Provided data:
....................

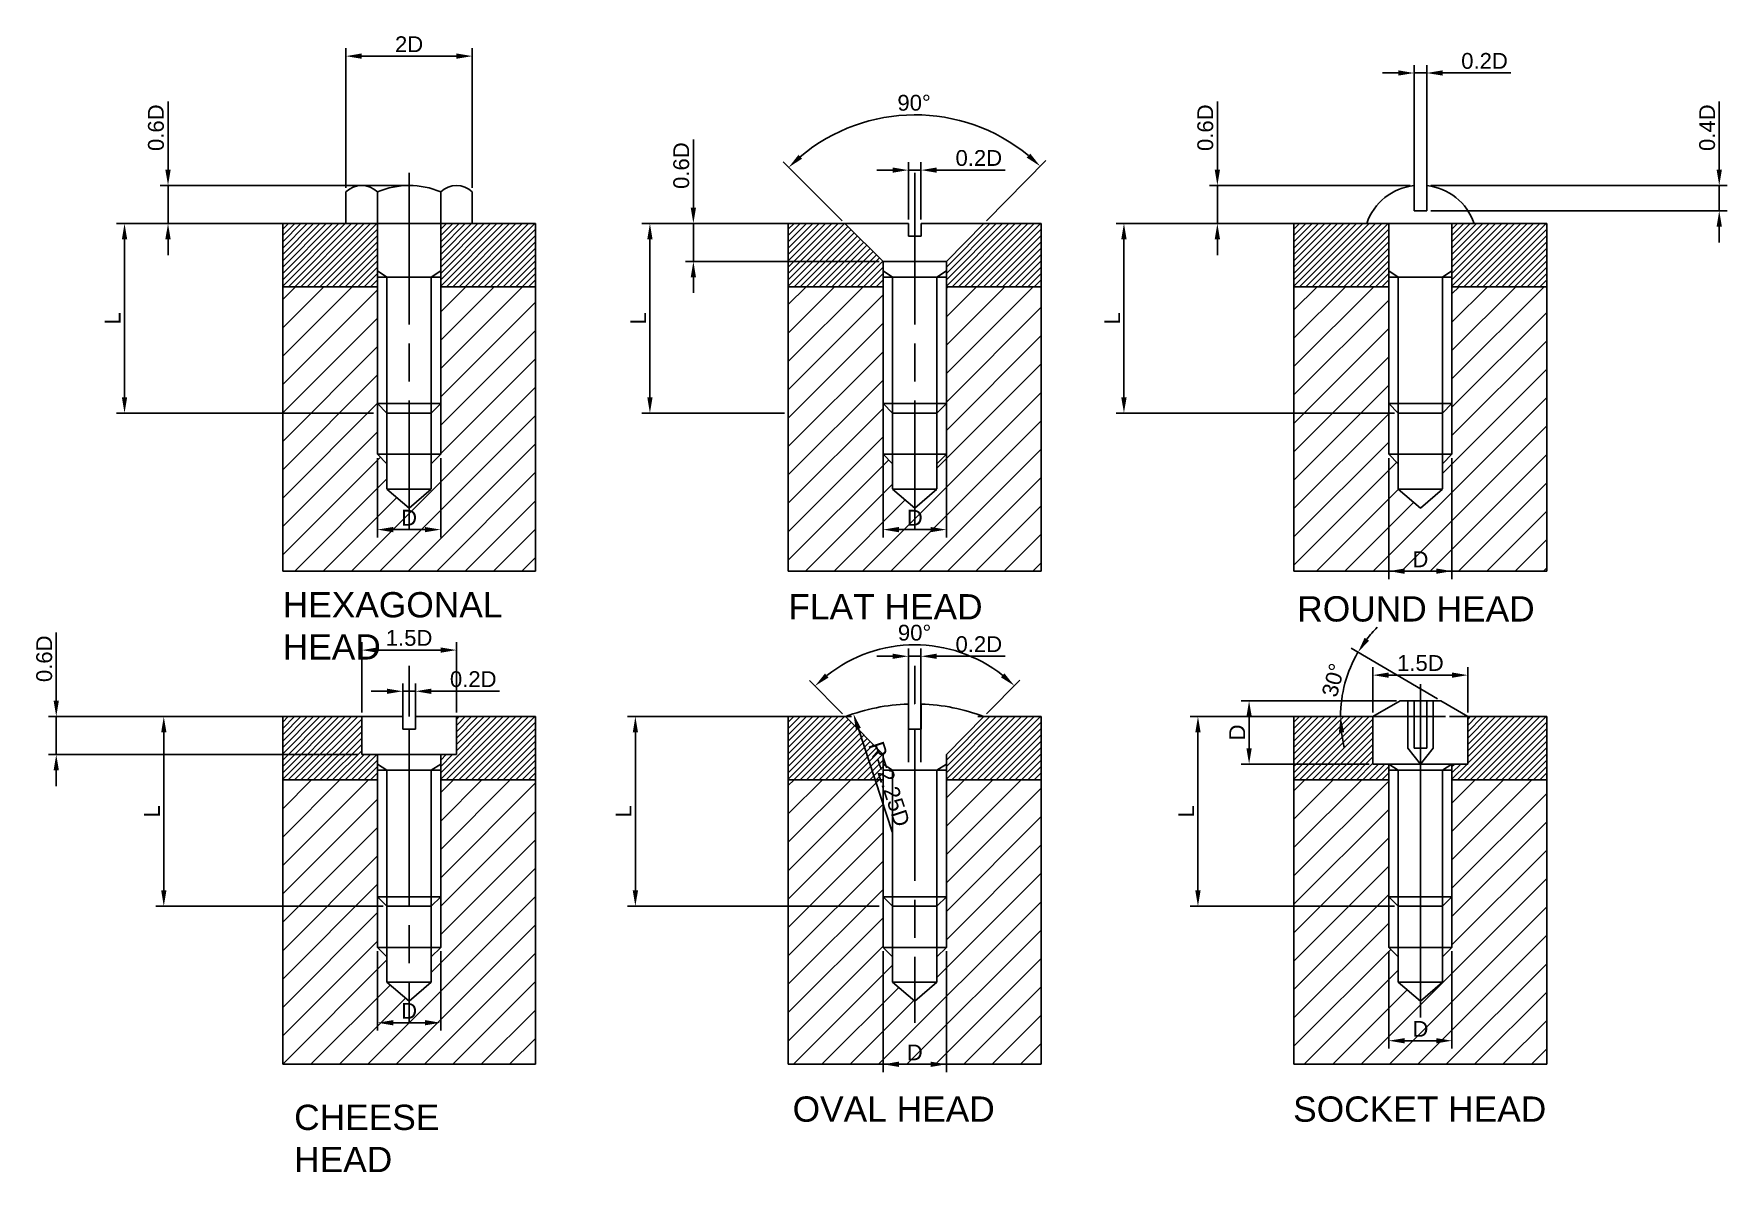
# Model space of a CAD drawing. Header units: millimetres. Extents: x 445 to 712, y 400 to 580.
import ezdxf

# ---------------------------------------------------------------- set-up
doc = ezdxf.new("R2010")
doc.units = ezdxf.units.MM
doc.linetypes.add('ACAD_ISO08W100', pattern=[36, 24, -3, 6, -3])
doc.styles.get("Standard").update_dxf_attribs({"font": 'arial.ttf'})
doc.dimstyles.new('ISO-25', dxfattribs={"dimtxt": 2.5, "dimasz": 2.5, "dimexe": 1.25, "dimexo": 0.625, "dimtad": 1, "dimtxsty": 'Standard', "dimcen": 2.5, "dimadec": 0, "dimazin": 0, "dimtfac": 1, "dimtmove": 0, "dimatfit": 3, "dimfxl": 1, "dimarcsym": 0})
pattern_1 = [(45, (0, 108.0162), (-2.245064, 2.245064), [])]

# ---------------------------------------------------------------- blocks, each defined once
blk = doc.blocks.new('*D14')
at = {"color": 0, "lineweight": -2, "transparency": 16777216}
for p, q in [((493.96, 555.48), (493.96, 577.58)), ((496.46, 576.33), (511.46, 576.33)), ((513.96, 555.48), (513.96, 577.58))]:
    blk.add_line(p, q, dxfattribs=at)
at = {"color": 0, "transparency": 16777216}
for points in [[(496.46, 576.75), (496.46, 575.91), (493.96, 576.33)], [(511.46, 576.75), (511.46, 575.91), (513.96, 576.33)]]:
    blk.add_solid(points, dxfattribs=at)
at = {"layer": 'Defpoints', "color": 0, "transparency": 16777216}
for p in [(513.96, 576.33), (493.96, 554.86), (513.96, 554.86)]:
    blk.add_point(p, dxfattribs=at)
at = {"color": 0, "transparency": 16777216, "insert": (503.96, 578.21), "char_height": 2.5, "attachment_point": 5}
blk.add_mtext('2D', dxfattribs=at)
blk = doc.blocks.new('*D15')
at = {"color": 0, "lineweight": -2, "transparency": 16777216}
for p, q in [((498.34, 549.86), (457.69, 549.86)), ((458.94, 547.36), (458.94, 522.36)), ((498.34, 519.86), (457.69, 519.86))]:
    blk.add_line(p, q, dxfattribs=at)
at = {"color": 0, "transparency": 16777216}
for points in [[(458.52, 547.36), (459.36, 547.36), (458.94, 549.86)], [(458.52, 522.36), (459.36, 522.36), (458.94, 519.86)]]:
    blk.add_solid(points, dxfattribs=at)
at = {"layer": 'Defpoints', "color": 0, "transparency": 16777216}
for p in [(498.96, 549.86), (458.94, 519.86), (498.96, 519.86)]:
    blk.add_point(p, dxfattribs=at)
at = {"color": 0, "transparency": 16777216, "insert": (457.06, 534.86), "char_height": 2.5, "attachment_point": 5, "rotation": 90}
blk.add_mtext('L', dxfattribs=at)
blk = doc.blocks.new('*D18')
at = {"color": 0, "lineweight": -2, "transparency": 16777216}
for p, q in [((465.82, 558.36), (465.82, 569.16)), ((503.36, 555.86), (464.57, 555.86)), ((465.82, 549.86), (465.82, 555.86)), ((503.35, 549.86), (464.57, 549.86)), ((465.82, 547.36), (465.82, 544.86))]:
    blk.add_line(p, q, dxfattribs=at)
at = {"color": 0, "transparency": 16777216}
for points in [[(465.4, 558.36), (466.24, 558.36), (465.82, 555.86)], [(465.4, 547.36), (466.24, 547.36), (465.82, 549.86)]]:
    blk.add_solid(points, dxfattribs=at)
at = {"layer": 'Defpoints', "color": 0, "transparency": 16777216}
for p in [(465.82, 555.86), (503.98, 555.86), (503.97, 549.86)]:
    blk.add_point(p, dxfattribs=at)
at = {"color": 0, "transparency": 16777216, "insert": (463.92, 565.01), "char_height": 2.5, "attachment_point": 5, "rotation": 90}
blk.add_mtext('0.6D', dxfattribs=at)
blk = doc.blocks.new('*D19')
at = {"color": 0, "lineweight": -2, "transparency": 16777216}
for p, q in [((498.96, 512.73), (498.96, 500.18)), ((508.96, 512.73), (508.96, 500.18)), ((501.46, 501.43), (506.46, 501.43))]:
    blk.add_line(p, q, dxfattribs=at)
at = {"color": 0, "transparency": 16777216}
for points in [[(501.46, 501.85), (501.46, 501.01), (498.96, 501.43)], [(506.46, 501.85), (506.46, 501.01), (508.96, 501.43)]]:
    blk.add_solid(points, dxfattribs=at)
at = {"layer": 'Defpoints', "color": 0, "transparency": 16777216}
for p in [(498.96, 513.36), (508.96, 513.36), (508.96, 501.43)]:
    blk.add_point(p, dxfattribs=at)
at = {"color": 0, "transparency": 16777216, "insert": (503.96, 503.31), "char_height": 2.5, "attachment_point": 5}
blk.add_mtext('D', dxfattribs=at)
blk = doc.blocks.new('*D20')
at = {"color": 0, "lineweight": -2, "transparency": 16777216}
for p, q in [((563.34, 549.86), (540.81, 549.86)), ((542.06, 522.36), (542.06, 547.36)), ((563.34, 519.86), (540.81, 519.86))]:
    blk.add_line(p, q, dxfattribs=at)
at = {"color": 0, "transparency": 16777216}
for points in [[(541.65, 547.36), (542.48, 547.36), (542.06, 549.86)], [(541.65, 522.36), (542.48, 522.36), (542.06, 519.86)]]:
    blk.add_solid(points, dxfattribs=at)
at = {"layer": 'Defpoints', "color": 0, "transparency": 16777216}
for p in [(542.06, 549.86), (563.96, 549.86), (563.96, 519.86)]:
    blk.add_point(p, dxfattribs=at)
at = {"color": 0, "transparency": 16777216, "insert": (540.19, 534.86), "char_height": 2.5, "attachment_point": 5, "rotation": 90}
blk.add_mtext('L', dxfattribs=at)
blk = doc.blocks.new('*D22')
at = {"color": 0, "lineweight": -2, "transparency": 16777216}
for p, q in [((572.48, 550.3), (563.12, 559.6)), ((595.32, 550.3), (604.69, 559.8))]:
    blk.add_line(p, q, dxfattribs=at)
blk.add_arc((584.01, 538.84), 28.2, 50.4659, 130.0936, dxfattribs=at)
at = {"color": 0, "transparency": 16777216}
for points in [[(566.13, 560.11), (565.57, 560.72), (564.01, 558.72)], [(602.24, 560.9), (601.68, 560.28), (603.82, 558.91)]]:
    blk.add_solid(points, dxfattribs=at)
at = {"layer": 'Defpoints', "color": 0, "transparency": 16777216}
for p in [(591.16, 566.12), (572.93, 549.86), (594.88, 549.86), (578.96, 543.86), (588.96, 543.86)]:
    blk.add_point(p, dxfattribs=at)
at = {"color": 0, "transparency": 16777216, "insert": (583.86, 568.94), "char_height": 2.5, "attachment_point": 5, "rotation": 0.2797}
blk.add_mtext('90°', dxfattribs=at)
blk = doc.blocks.new('*D23')
at = {"color": 0, "lineweight": -2, "transparency": 16777216}
for p, q in [((580.45, 558.3), (577.95, 558.3)), ((582.95, 550.48), (582.95, 559.55)), ((582.95, 558.3), (584.95, 558.3)), ((584.95, 550.48), (584.95, 559.55)), ((587.45, 558.3), (598.25, 558.3))]:
    blk.add_line(p, q, dxfattribs=at)
at = {"color": 0, "transparency": 16777216}
for points in [[(580.45, 558.71), (580.45, 557.88), (582.95, 558.3)], [(587.45, 558.71), (587.45, 557.88), (584.95, 558.3)]]:
    blk.add_solid(points, dxfattribs=at)
at = {"layer": 'Defpoints', "color": 0, "transparency": 16777216}
for p in [(584.95, 558.3), (582.95, 549.86), (584.95, 549.86)]:
    blk.add_point(p, dxfattribs=at)
at = {"color": 0, "transparency": 16777216, "insert": (594.1, 560.2), "char_height": 2.5, "attachment_point": 5}
blk.add_mtext('0.2D', dxfattribs=at)
blk = doc.blocks.new('*D24')
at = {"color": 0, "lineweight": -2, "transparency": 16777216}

....................

What the task asks: Show every line above in which the word "units" appears.

Result:
# Model space of a CAD drawing. Header units: millimetres. Extents: x 445 to 712, y 400 to 580.
doc.units = ezdxf.units.MM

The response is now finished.